We have considered the Report of the Committee of the Governor’s Council, to which he is pleased to refer us for an Answer to our Enquiry, relating to a Claim of the Shawanese Indians, on the Lands near Conedoguinet. We are far from desiring to justify those Indians in their late Outrages and Murders committed against the People of this Province, in Violation of the most solemn Treaties. We believe that great Care has generally been taken to do the Indians Justice by the Proprietaries in the Purchases made of them, and in all our other publick Transactions with them: And as they have not the same Ideas of legal Property in Lands that we have, and sometimes think they have Right when in Law they have none, but yet are cheaply satisfied for their supposed as well as real Rights, we think our Proprietaries have done wisely, not only to purchase their Lands, but to “purchase them more than once,” as the Governor says they have done, rather than have any Difference with them on that Head, or give any Handle to the Enemies of the Province to exasperate those People against us. It appears indeed from the Report, that they could have but a slender Foundation for a Claim of Satisfaction for those Lands.9 We are however convinced, by original Minutes taken by one of the Commissioners at the Treaty of Carlisle, now lying before us, that the Shawanese Chiefs mentioned that Claim of theirs to the Lands in Question at that Time, and were promised that the Matter should be laid before the Proprietaries.1 It was after the Publick general Business of the Treaty was over, and was not inserted in the printed Account of the Treaty, perhaps because it was thought to relate more particularly to the Proprietary than to the Province, and one of the Commissioners being himself concerned in the Proprietaries Affairs, there was Reason to believe he would take Care to get it settled; and doubtless he would have done so, had he not, as appears by the Report, entirely forgot the whole Transaction.2 We are sorry it was not done, tho’ probably the Instigations, present Situation and Power of the French, might have been sufficient nevertheless to have engaged those Indians in the War against us.3

[Note numbering follows the Franklin Papers source.]

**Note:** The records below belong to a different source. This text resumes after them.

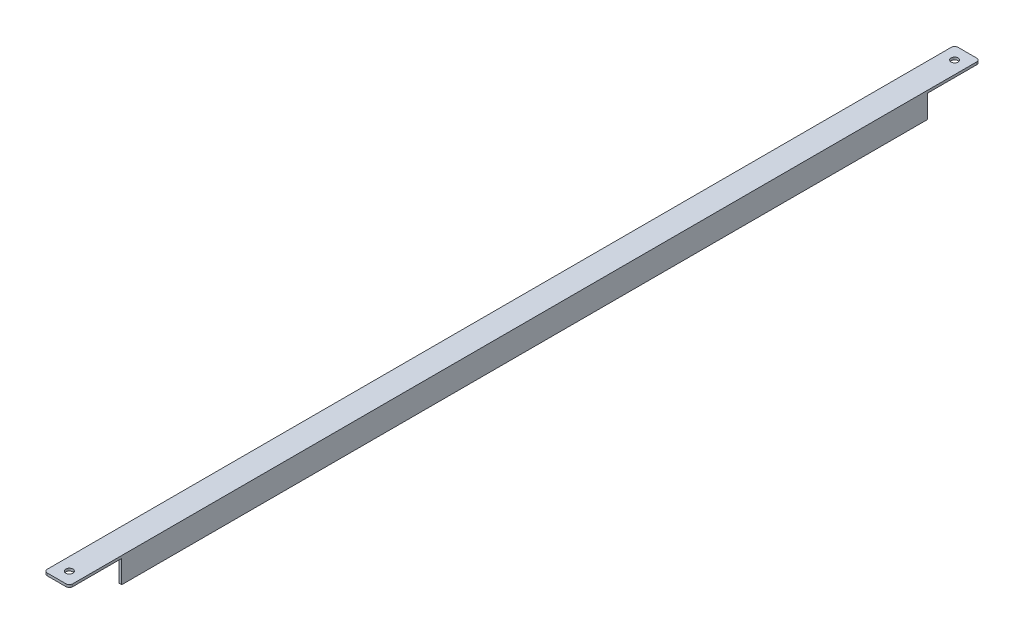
ISO-10303-21;
HEADER;
FILE_DESCRIPTION(('STEP AP214'),'2;1');
FILE_NAME('part.step','',(''),(''),'','','');
FILE_SCHEMA(('AUTOMOTIVE_DESIGN { 1 0 10303 214 1 1 1 1 }'));
ENDSEC;
DATA;
#1=APPLICATION_CONTEXT('core data for automotive mechanical design processes');
#2=APPLICATION_PROTOCOL_DEFINITION('international standard','automotive_design',2000,#1);
#3=PRODUCT_CONTEXT('',#1,'mechanical');
#4=PRODUCT('Part','Part','',(#3));
#5=PRODUCT_RELATED_PRODUCT_CATEGORY('part','',(#4));
#6=PRODUCT_DEFINITION_FORMATION('','',#4);
#7=PRODUCT_DEFINITION_CONTEXT('part definition',#1,'design');
#8=PRODUCT_DEFINITION('design','',#6,#7);
#9=PRODUCT_DEFINITION_SHAPE('','',#8);
#10=(LENGTH_UNIT() NAMED_UNIT(*) SI_UNIT(.MILLI.,.METRE.));
#11=(NAMED_UNIT(*) PLANE_ANGLE_UNIT() SI_UNIT($,.RADIAN.));
#12=(NAMED_UNIT(*) SI_UNIT($,.STERADIAN.) SOLID_ANGLE_UNIT());
#13=UNCERTAINTY_MEASURE_WITH_UNIT(LENGTH_MEASURE(1.E-05),#10,'distance_accuracy_value','');
#14=(GEOMETRIC_REPRESENTATION_CONTEXT(3) GLOBAL_UNCERTAINTY_ASSIGNED_CONTEXT((#13)) GLOBAL_UNIT_ASSIGNED_CONTEXT((#10,
#11,#12)) REPRESENTATION_CONTEXT('',''));
#15=CARTESIAN_POINT('',(0.,0.,0.));
#16=DIRECTION('',(0.,0.,1.));
#17=DIRECTION('',(1.,0.,0.));
#18=AXIS2_PLACEMENT_3D('',#15,#16,#17);
#19=CARTESIAN_POINT('',(-15.,-15.,539.));
#20=DIRECTION('',(0.,1.,0.));
#21=DIRECTION('',(0.,0.,1.));
#22=AXIS2_PLACEMENT_3D('',#19,#20,#21);
#23=PLANE('',#22);
#24=DIRECTION('',(1.,0.,0.));
#25=VECTOR('',#24,1.);
#26=CARTESIAN_POINT('',(-15.,-15.,477.));
#27=LINE('',#26,#25);
#28=CARTESIAN_POINT('',(12.,-15.,477.));
#29=VERTEX_POINT('',#28);
#30=CARTESIAN_POINT('',(15.,-15.,477.));
#31=VERTEX_POINT('',#30);
#32=EDGE_CURVE('E168',#29,#31,#27,.T.);
#33=ORIENTED_EDGE('',*,*,#32,.F.);
#34=DIRECTION('',(0.,0.,1.));
#35=VECTOR('',#34,1.);
#36=CARTESIAN_POINT('',(12.,-15.,-539.));
#37=LINE('',#36,#35);
#38=CARTESIAN_POINT('',(12.,-15.,-477.));
#39=VERTEX_POINT('',#38);
#40=EDGE_CURVE('E236',#39,#29,#37,.T.);
#41=ORIENTED_EDGE('',*,*,#40,.F.);
#42=DIRECTION('',(1.,0.,0.));
#43=VECTOR('',#42,1.);
#44=CARTESIAN_POINT('',(-15.,-15.,-477.));
#45=LINE('',#44,#43);
#46=CARTESIAN_POINT('',(15.,-15.,-477.));
#47=VERTEX_POINT('',#46);
#48=EDGE_CURVE('E259',#39,#47,#45,.T.);
#49=ORIENTED_EDGE('',*,*,#48,.T.);
#50=DIRECTION('',(0.,0.,-1.));
#51=VECTOR('',#50,1.);
#52=CARTESIAN_POINT('',(15.,-15.,539.));
#53=LINE('',#52,#51);
#54=EDGE_CURVE('E175',#31,#47,#53,.T.);
#55=ORIENTED_EDGE('',*,*,#54,.F.);
#56=EDGE_LOOP('',(#33,#41,#49,#55));
#57=FACE_BOUND('',#56,.T.);
#58=ADVANCED_FACE('F34',(#57),#23,.F.);
#59=CARTESIAN_POINT('',(15.,-15.,539.));
#60=DIRECTION('',(-1.,0.,0.));
#61=DIRECTION('',(0.,0.,1.));
#62=AXIS2_PLACEMENT_3D('',#59,#60,#61);
#63=PLANE('',#62);
#64=DIRECTION('',(0.,0.,-1.));
#65=VECTOR('',#64,1.);
#66=CARTESIAN_POINT('',(15.,15.,539.));
#67=LINE('',#66,#65);
#68=CARTESIAN_POINT('',(15.,15.,535.));
#69=VERTEX_POINT('',#68);
#70=CARTESIAN_POINT('',(15.,15.,-535.));
#71=VERTEX_POINT('',#70);
#72=EDGE_CURVE('E178',#69,#71,#67,.T.);
#73=ORIENTED_EDGE('',*,*,#72,.F.);
#74=DIRECTION('',(0.,1.,0.));
#75=VECTOR('',#74,1.);
#76=CARTESIAN_POINT('',(15.,-15.,535.));
#77=LINE('',#76,#75);
#78=CARTESIAN_POINT('',(15.,12.,535.));
#79=VERTEX_POINT('',#78);
#80=EDGE_CURVE('E212',#69,#79,#77,.F.);
#81=ORIENTED_EDGE('',*,*,#80,.T.);
#82=DIRECTION('',(0.,0.,-1.));
#83=VECTOR('',#82,1.);
#84=CARTESIAN_POINT('',(15.,12.,539.));
#85=LINE('',#84,#83);
#86=CARTESIAN_POINT('',(15.,12.,477.));
#87=VERTEX_POINT('',#86);
#88=EDGE_CURVE('E157',#79,#87,#85,.T.);
#89=ORIENTED_EDGE('',*,*,#88,.T.);
#90=DIRECTION('',(0.,-1.,0.));
#91=VECTOR('',#90,1.);
#92=CARTESIAN_POINT('',(15.,-15.,477.));
#93=LINE('',#92,#91);
#94=EDGE_CURVE('E190',#87,#31,#93,.T.);
#95=ORIENTED_EDGE('',*,*,#94,.T.);
#96=ORIENTED_EDGE('',*,*,#54,.T.);
#97=DIRECTION('',(0.,-1.,0.));
#98=VECTOR('',#97,1.);
#99=CARTESIAN_POINT('',(15.,-15.,-477.));
#100=LINE('',#99,#98);
#101=CARTESIAN_POINT('',(15.,12.,-477.));
#102=VERTEX_POINT('',#101);
#103=EDGE_CURVE('E244',#102,#47,#100,.T.);
#104=ORIENTED_EDGE('',*,*,#103,.F.);
#105=DIRECTION('',(0.,0.,1.));
#106=VECTOR('',#105,1.);
#107=CARTESIAN_POINT('',(15.,12.,-539.));
#108=LINE('',#107,#106);
#109=CARTESIAN_POINT('',(15.,12.,-535.));
#110=VERTEX_POINT('',#109);
#111=EDGE_CURVE('E249',#110,#102,#108,.T.);
#112=ORIENTED_EDGE('',*,*,#111,.F.);
#113=DIRECTION('',(0.,1.,0.));
#114=VECTOR('',#113,1.);
#115=CARTESIAN_POINT('',(15.,15.,-535.));
#116=LINE('',#115,#114);
#117=EDGE_CURVE('E209',#110,#71,#116,.T.);
#118=ORIENTED_EDGE('',*,*,#117,.T.);
#119=EDGE_LOOP('',(#73,#81,#89,#95,#96,#104,#112,#118));
#120=FACE_BOUND('',#119,.T.);
#121=ADVANCED_FACE('F317',(#120),#63,.F.);
#122=CARTESIAN_POINT('',(-15.,-15.,539.));
#123=DIRECTION('',(1.,0.,0.));
#124=DIRECTION('',(0.,0.,-1.));
#125=AXIS2_PLACEMENT_3D('',#122,#123,#124);
#126=PLANE('',#125);
#127=DIRECTION('',(0.,0.,-1.));
#128=VECTOR('',#127,1.);
#129=CARTESIAN_POINT('',(-15.,12.,539.));
#130=LINE('',#129,#128);
#131=CARTESIAN_POINT('',(-15.,12.,535.));
#132=VERTEX_POINT('',#131);
#133=CARTESIAN_POINT('',(-15.,12.,477.));
#134=VERTEX_POINT('',#133);
#135=EDGE_CURVE('E156',#132,#134,#130,.T.);
#136=ORIENTED_EDGE('',*,*,#135,.F.);
#137=DIRECTION('',(0.,-1.,0.));
#138=VECTOR('',#137,1.);
#139=CARTESIAN_POINT('',(-15.,-15.,535.));
#140=LINE('',#139,#138);
#141=CARTESIAN_POINT('',(-15.,15.,535.));
#142=VERTEX_POINT('',#141);
#143=EDGE_CURVE('E224',#132,#142,#140,.F.);
#144=ORIENTED_EDGE('',*,*,#143,.T.);
#145=DIRECTION('',(0.,0.,-1.));
#146=VECTOR('',#145,1.);
#147=CARTESIAN_POINT('',(-15.,15.,539.));
#148=LINE('',#147,#146);
#149=CARTESIAN_POINT('',(-15.,15.,-535.));
#150=VERTEX_POINT('',#149);
#151=EDGE_CURVE('E174',#142,#150,#148,.T.);
#152=ORIENTED_EDGE('',*,*,#151,.T.);
#153=DIRECTION('',(0.,-1.,0.));
#154=VECTOR('',#153,1.);
#155=CARTESIAN_POINT('',(-15.,12.,-535.));
#156=LINE('',#155,#154);
#157=CARTESIAN_POINT('',(-15.,12.,-535.));
#158=VERTEX_POINT('',#157);
#159=EDGE_CURVE('E221',#150,#158,#156,.T.);
#160=ORIENTED_EDGE('',*,*,#159,.T.);
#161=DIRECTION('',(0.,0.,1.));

6See above, pp. 238, 253–5, for this request and the background of the controversy over dealings with the Indians.

7Pa. Col. Recs., VI, 711, 724–9.

8Votes, 1755–56, pp. 38, 50, 52.

9The Council report pointed out that the Shawnee came to live on the lands west of the Susquehanna in 1698, at which time they entered into an amicable treaty with the government of Pennsylvania; that ever since this a state of peace had been fairly maintained; and that the particular lands in question, far from having been taken from them unjustly, had in fact been preserved for them by the action of the Proprietors. Pa. Col. Recs., VI, 724–9; Votes, 1755–56, pp. 39–40.

1The commissioners were Richard Peters, Isaac Norris, and BF. See above, V, 62–6, 84–107. Though the “original Minutes” have not been found, Peters gave his own explanation of them to Thomas Penn: “Mr. Franklin took some short Notes that convey no determinate meaning and he may fill up the Defects of Verbs and connecting Particles so as to make what he pleases out of them. There happens to be in his Notes the words—Right to Land—Complaint—Promise to write to the Proprietors and on these slight memorandums Mr. Franklin was weak enough to mention it to the House and they wicked enough” to make it public. Peters added that the Indians had not come to Carlisle with any complaints about land purchases, but while drunk they might have been prompted to make them by “bad people.” Peters to Penn, Feb. 18, 1756, Penn Papers, Hist. Soc. Pa.

2The commissioner “concerned in the Proprietaries Affairs” was Peters. He had told the Council committee that he remembered nothing about the alleged complaint or any promise to apply to the Proprietors for satisfaction of grievances.

3This conciliatory conclusion is striking evidence that the moderates under BF’s leadership, and not the strict pacifist Quakers, were now in control of the Assembly. In addition to the implied admission that the governor’s investigation of the alleged Indian complaints was full and honest, the Assembly conceded that the attempt to blame the Indian uprisings on injustices done them by the Proprietors was probably groundless.